Kipkirwok’s brow quivers. He wonders if he is shaking.
“No one knows where you are, Tala. Not even Kiptum. Chemaiyo is worried. She says you started acting funny after a woman came to our pharmacy this morning.”
A woman who sang Chemeli, he wants to say. A woman who sang grandmother’s song!
“A Kikuyu woman,” Chemeli continues. He can tell that she wants to say something but she is restraining herself, waiting for him to respond. He doesn’t. He only listens to the heaviness of her breaths through the phone. They seem separate from her voice, those breaths, as if emanating from two separate beings.
“Where are you, Tala?”
“I…I am…I went for a walk. A small walk. Just to clear my head.”

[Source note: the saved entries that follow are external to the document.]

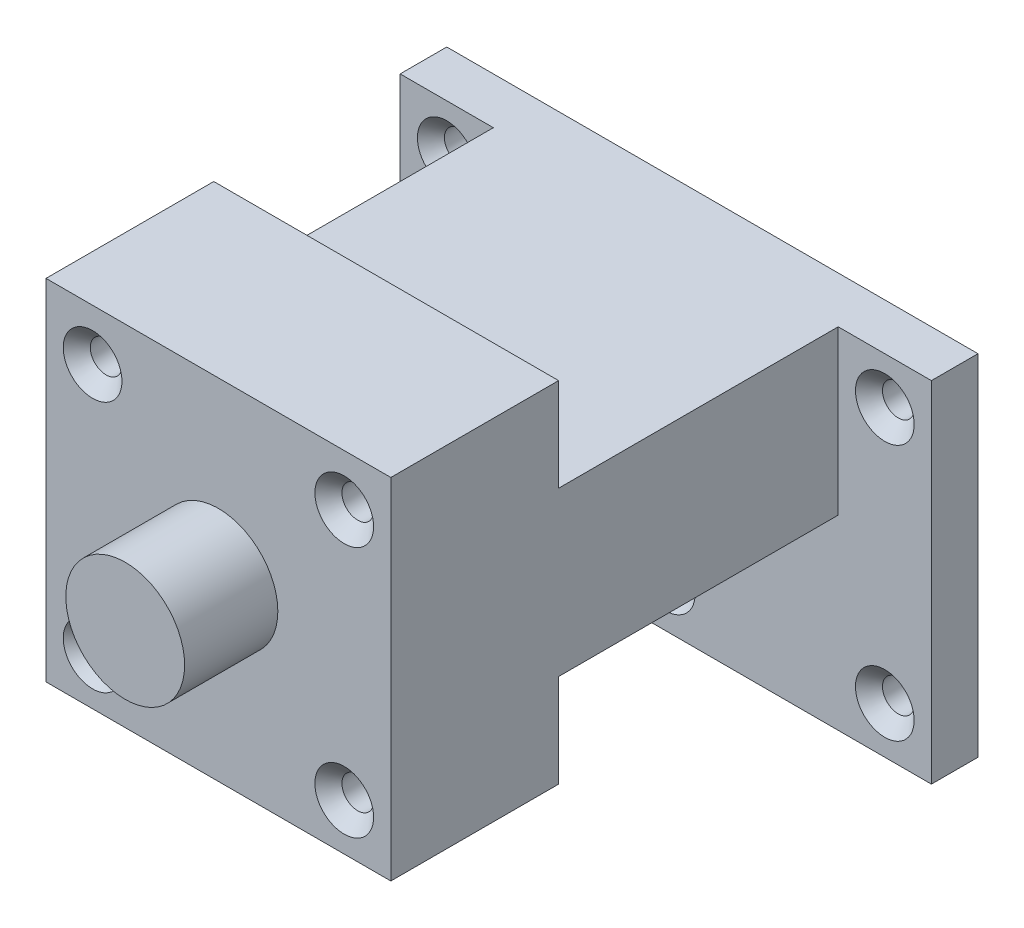
SolidWorks part; units mm, degrees
ref_plane "Plan de face" through (0, 0, 0) normal (0, 0, 1) x (1, 0, 0)
ref_plane "Plan de dessus" through (0, 0, 0) normal (0, 1, 0) x (1, 0, 0)
ref_plane "Plan de droite" through (0, 0, 0) normal (1, 0, 0) x (0, 0, -1)
sketch "Esquisse1" plane through (0, 0, 0) normal (0, 0, 1) x (1, 0, 0)
  line L2 (0, 0) -> (37, 0)
  line L3 (0, 0) -> (0, 37.5)
  line L4 (0, 37.5) -> (37, 37.5)
  line L5 (37, 0) -> (37, 37.5)
  dimension "D1" = 37.5
  dimension "D2" = 37
extrude "Boss.-Extru.1" add sketch "Esquisse1" along normal blind 53
sketch "Esquisse2" plane through (0, 0, 53) normal (0, 0, 1) x (1, 0, 0)
  line L0 (37, 0) -> (37, 37.5) construction
  line L4 (37, 37.5) -> (0, 37.5) construction
  circle A0 centre (18.5, 19) radius 6.375
  dimension "D3" = 12.75
  dimension "D1" = 18.5
  dimension "D2" = 18.5
extrude "Boss.-Extru.2" add sketch "Esquisse2" along normal blind 10
sketch "Esquisse3" plane through (0, 0, 53) normal (0, 0, 1) x (1, 0, 0)
  line L0 (37, 37.5) -> (0, 37.5) construction
  line L1 (0, 37.5) -> (0, 0) construction
  line L2 (37, 0) -> (37, 37.5) construction
  circle A0 centre (5, 32) radius 1.5
  circle A1 centre (32, 32) radius 1.5
  circle A2 centre (32, 5) radius 1.5
  circle A3 centre (5, 5) radius 1.5
  dimension "D3" = 3
  dimension "D5" = 3
  dimension "D9" = 3
  dimension "D11" = 3
  dimension "D1" = 5.5
  dimension "D2" = 5.5
  dimension "5" = 5
  dimension "D4" = 5
  dimension "D6" = 5
  dimension "D7" = 5
  dimension "D8" = 27
  dimension "D10" = 27
sketch "Esquisse6" plane through (0, 0, 0) normal (0, -1, 0) x (1, 0, 0)
  line L1 (0, 0) -> (10, 0)
  line L2 (0, 0) -> (0, 5)
  line L3 (0, 5) -> (10, 5)
  line L4 (10, 0) -> (10, 5)
  line L5 (37, 0) -> (27, 0)
  line L6 (37, 0) -> (37, 5)
  line L7 (37, 5) -> (27, 5)
  line L8 (27, 0) -> (27, 5)
  dimension "D1" = 10
  dimension "D2" = 5
  dimension "D3" = 10
  dimension "D4" = 5
extrude "Boss.-Extru.3" [suppressed] add sketch "Esquisse6" along normal blind 10
sketch "Esquisse7" plane through (0, 37.5, 0) normal (0, 1, 0) x (1, 0, 0)
  line L1 (0, 0) -> (10, 0)
  line L2 (0, 0) -> (0, -5)
  line L3 (0, -5) -> (10, -5)
  line L4 (10, 0) -> (10, -5)
  line L5 (37, 0) -> (27, 0)
  line L6 (37, 0) -> (37, -5)
  line L7 (37, -5) -> (27, -5)
  line L8 (27, 0) -> (27, -5)
  dimension "D1" = 5
  dimension "D2" = 5
  dimension "D3" = 10
  dimension "D4" = 10
extrude "Boss.-Extru.4" [suppressed] add sketch "Esquisse7" along normal blind 10
sketch "Esquisse8" [suppressed] plane through (0, 0, 5) normal (0, 0, 1) x (1, 0, 0)
  line L0 (37, -10) -> (27, -10) construction
  line L1 (37, -10) -> (37, 0) construction
  circle A0 centre (32, -5) radius 2.6226
  circle A1 centre (4.4036, -5.1811) radius 2.9344
  circle A2 centre (4.4036, 42.3532) radius 2.5459
  circle A3 centre (32.4325, 42.3532) radius 2.5419
  dimension "D1" = 5
  dimension "5" = 5
sketch "Esquisse10" plane through (0, 0, 0) normal (0, 0, -1) x (-1, 0, 0)
  line L0 (0, 37.5) -> (0, 0) construction
  line L1 (-37, 0) -> (-27, 0)
  line L2 (-37, 0) -> (-37, 10)
  line L3 (-37, 10) -> (-27, 10)
  line L4 (-27, 0) -> (-27, 10)
  line L5 (-37, 37.5) -> (0, 37.5)
  line L6 (-37, 37.5) -> (-37, 27.5)
  line L7 (-37, 27.5) -> (0, 27.5)
  line L8 (0, 37.5) -> (0, 27.5)
  line L13 (0, 0) -> (-10, 0)
  line L14 (0, 0) -> (0, 10)
  line L15 (0, 10) -> (-10, 10)
  line L16 (-10, 0) -> (-10, 10)
  dimension "D1" = 10
  dimension "D5" = 10
  dimension "D6" = 10
  dimension "10" = 10
  dimension "D7" = 10
extrude "Enlèv. mat.-Extru.1" cut sketch "Esquisse10" against normal blind 30 from offset 5 offset against normal yes
hole_wizard "Fraisage pour vis à tête fraisée bombée M31" positions "Esquisse4" profile "Esquisse5" countersink size "M3" standard "ISO"
sketch "Esquisse4" plane through (0, 0, 53) normal (0, 0, 1) x (1, 0, 0)
  point P0 (5, 32)
  point P3 (32, 32)
  point P6 (32, 5)
  point P9 (5, 5)
sketch "Esquisse5" plane through (5, 32, 53) normal (1, 0, 0) x (0, -1, 0)
  line L0 (0, 0) -> (0, 19.0215)
  line L1 (0, 19.0215) -> (1.7, 18)
  line L2 (1.7, 18) -> (1.7, 1.45)
  line L3 (1.7, 1.45) -> (3.15, 0)
  line L5 (3.15, 0) -> (0, 0)
  line L6 (-1.7, 1.45) -> (-3.15, 0) construction
  line L10 (0, 19.0215) -> (-1.7, 18) construction
  line L11 (0, -6.35) -> (0, 107.95) construction
  dimension "Diamètre du perçage" = 3.4
  dimension "Profondeur du perçage" = 18
  dimension "Diamètre du fraisage entrant" = 6.3
  dimension "Angle du fraisage entrant" = 90
  dimension "Angle de pointe" = 118
sketch "Esquisse11" plane through (0, 0, 0) normal (0, 0, -1) x (-1, 0, 0)
  line L8 (-37, 27.5) -> (0, 27.5) construction
  line L9 (-37, 27.5) -> (-47, 27.5)
  line L12 (-47, 27.5) -> (-47, -10)
  line L13 (0, 27.5) -> (10, 27.5)
  line L16 (10, 27.5) -> (10, -10)
  line L22 (-47, -10) -> (10, -10)
  line L23 (0, 0) -> (-37, 0) construction
  line L25 (-37, 0) -> (0, 0)
  line L26 (-37, 27.5) -> (-37, 0)
  line L28 (0, 27.5) -> (0, 0)
  dimension "D1" = 10
  dimension "D2" = 10
  dimension "D3" = 10
extrude "Boss.-Extru.5" add sketch "Esquisse11" against normal blind 5
sketch "Esquisse12" plane through (0, 0, 0) normal (0, 0, -1) x (-1, 0, 0)
  line L1 (-37, 37.5) -> (0, 37.5)
  line L2 (-37, 37.5) -> (-37, 27.5)
  line L3 (-37, 27.5) -> (0, 27.5)
  line L4 (0, 37.5) -> (0, 27.5)
extrude "Enlèv. mat.-Extru.2" cut sketch "Esquisse12" against normal up to surface (5 mm away) up to face at (18.5, 32.5, 5)
sketch "Esquisse13" plane through (0, 0, 5) normal (0, 0, 1) x (1, 0, 0)
  line L0 (-10, 27.5) -> (0, 27.5) construction
  line L1 (-10, -10) -> (-10, 27.5) construction
  line L2 (47, -10) -> (-10, -10) construction
  line L3 (47, 27.5) -> (47, -10) construction
  line L6 (37, 27.5) -> (47, 27.5) construction
  circle A0 centre (-5, 22.5) radius 1.5
  circle A1 centre (-5, -5) radius 1.5
  circle A2 centre (18.5, -5) radius 1.5
  circle A3 centre (42, -5) radius 1.5
  circle A4 centre (42, 22.5) radius 1.5
  dimension "D5" = 3
  dimension "D6" = 3
  dimension "D9" = 3
  dimension "D12" = 3
  dimension "D15" = 3
  dimension "D1" = 5
  dimension "D2" = 5
  dimension "D3" = 5
  dimension "D4" = 5
  dimension "D7" = 5
  dimension "D8" = 28.5
  dimension "D10" = 5
  dimension "D11" = 5
  dimension "D13" = 5
  dimension "D14" = 5
hole_wizard "Fraisage pour vis à tête fraisée bombée M32" positions "Esquisse14" profile "Esquisse15" countersink size "M3" standard "ISO"
sketch "Esquisse14" plane through (0, 0, 5) normal (0, 0, 1) x (1, 0, 0)
  point P0 (-5, 22.5)
  point P3 (-5, -5)
  point P6 (18.5, -5)
  point P9 (42, -5)
  point P12 (42, 22.5)
sketch "Esquisse15" plane through (-5, 22.5, 5) normal (1, 0, 0) x (0, -1, 0)
  line L0 (0, 0) -> (0, 6.0215)
  line L1 (0, 6.0215) -> (1.7, 5)
  line L2 (1.7, 5) -> (1.7, 1.45)
  line L3 (1.7, 1.45) -> (3.15, 0)
  line L5 (3.15, 0) -> (0, 0)
  line L6 (-1.7, 1.45) -> (-3.15, 0) construction
  line L10 (0, 6.0215) -> (-1.7, 5) construction
  line L11 (0, -6.35) -> (0, 107.95) construction
  dimension "Diamètre du perçage" = 3.4
  dimension "Profondeur du perçage" = 5
  dimension "Diamètre du fraisage entrant" = 6.3
  dimension "Angle du fraisage entrant" = 90
  dimension "Angle de pointe" = 118

“Has it started again?” There is that strain in her tone again. “Tala, just open the pharmacy and let people in. We need the money, especially after all the chaos we had in January. We are building a new house, and you know our daughter has not healed properly after the surgery. God, she is only five years old.”
The words pound on him, chafing away all his thoughts.
“Ok, ok, my love. I am opening. I am opening.”
He disconnects, walks through the waist-high side door which leads to the counter and pushes away the curtains. Light falls inside the room and gives him an instant headache.
*
When Kipkirwok locked the grilled door with a heavy padlock tied with chains, he felt as if he was locking a demon inside the pharmacy. He was relieved to be going home. He had not displayed his usual patience and good listening habits with his patients that day, and many had left puzzled.
Yet the night was a relief. It lay softly on the land like crepe paper, darkening trees, houses and streets. It was a gentle night, as if it could be picked off easily by a delicate hand and torn from the land. It felt as if something pristine and free of sin lay beneath the night’s cover.
As Kipkirwok walked up the incline of the field outside where his bike was parked a sharp wind rushed rudely past him, pressing cold hands all over his legs. He almost stumbled as a sudden fear seized him. But he turned to look up and next to the fence was the familiar podo tree, seen a hundred times before during the day and at night, but today looking as if it stood on holy ground and as if its branches, high up and thrashing about, beckoned him to a place of favour.
Kipkirwok got on his bike and started it, riding in expert smooth lines down the slope, through the narrow corridor and onto the street. He felt enervated by the people moving in the distance like ghosts, the bike lights trailing over tarmac, and, high above, stars that did not blink.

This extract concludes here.